Teriparatide builds new bone.
It's the first 34 amino acids of human parathyroid hormone, made by recombinant DNA, and the only osteoporosis drug class that actively grows new bone instead of just slowing the loss of old bone. Sold as Forteo (Eli Lilly) and the generic Bonsity, it's prescribed for postmenopausal women, men with primary or hypogonadal osteoporosis, and people with steroid-induced bone loss who are at high risk for fractures.
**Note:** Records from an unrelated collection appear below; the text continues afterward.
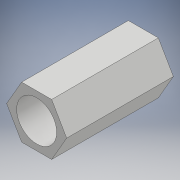
# Autodesk Inventor part: 7mmStandoff
Saved by Autodesk Inventor 2017 (Build 210142000, 142)
## iProperties
Created: 2019-03-15
Part Number: 7mmStandoff
Material: Generic
Document SubType Name: Modeling
Designer: Nicholas Cresswell
Density: 1 g/cm^3
Appearance: Default
Author: Nicholas Cresswell
Autodesk Inventor part; units mm, degrees
ref_plane "YZ Plane" through (0, 0, 0) normal (1, 0, 0) x (0, 1, 0)
ref_plane "XZ Plane" through (0, 0, 0) normal (0, 1, 0) x (-1, 0, 0)
ref_plane "XY Plane" through (0, 0, 0) normal (0, 0, 1) x (1, 0, 0)
sketch "Sketch1" plane through (0, 0, 0) normal (0, 1, 0) x (-1, 0, 0)
  circle A0 centre (0, 0) radius 1.5
  circle A1 centre (0, 0) radius 2.25 construction
  line L0 (2.25, 0) -> (1.125, -1.9486)
  line L1 (1.125, -1.9486) -> (-1.125, -1.9486)
  line L2 (-1.125, -1.9486) -> (-2.25, 0)
  line L3 (-2.25, 0) -> (-1.125, 1.9486)
  line L4 (-1.125, 1.9486) -> (1.125, 1.9486)
  line L5 (1.125, 1.9486) -> (2.25, 0)
  dimension "d1" = 4.5
  dimension "d0" = 3
  constraints: 12 end point, 3 coincident, 1 centre point, 1 horizontal alignment, 15 other
  measures "d0" diameter of A0
extrude "Extrusion1" add sketch "Sketch1" along normal blind 8
body "Solid1"

Below is exactly how teriparatide works, the once-daily 20 mcg pen protocol, the side effects worth knowing, the cost reality, and how it compares to abaloparatide and bisphosphonates.
🔑 Key Takeaways
- It grows bone, it doesn't just preserve it. Teriparatide is the rare anabolic option in a category dominated by antiresorptive drugs like bisphosphonates and denosumab.
- The mechanism depends on pulsing. Once-daily injection turns parathyroid hormone into a bone-building signal. Continuous PTH does the opposite, it breaks bone down.
- The 2-year lifetime limit was lifted. The FDA removed that restriction in 2020 after long-term data didn't confirm the original cancer-risk signal in humans.
- Gains don't stick on their own. If you stop teriparatide without following it with a bisphosphonate or denosumab, bone density drops fast.
- Cost is the friction. Retail is roughly $3,000-3,500 per month. Generic teriparatide and Lilly's $4 savings card cut that dramatically for insured patients.
What Is Teriparatide?
Teriparatide is the active 34-amino-acid N-terminal fragment of human parathyroid hormone (PTH), made by recombinant DNA technology in E. coli. The full natural PTH molecule has 84 amino acids; teriparatide is just the part that does the bone-building work, which is why one of its common names in clinical literature is simply "PTH 1-34."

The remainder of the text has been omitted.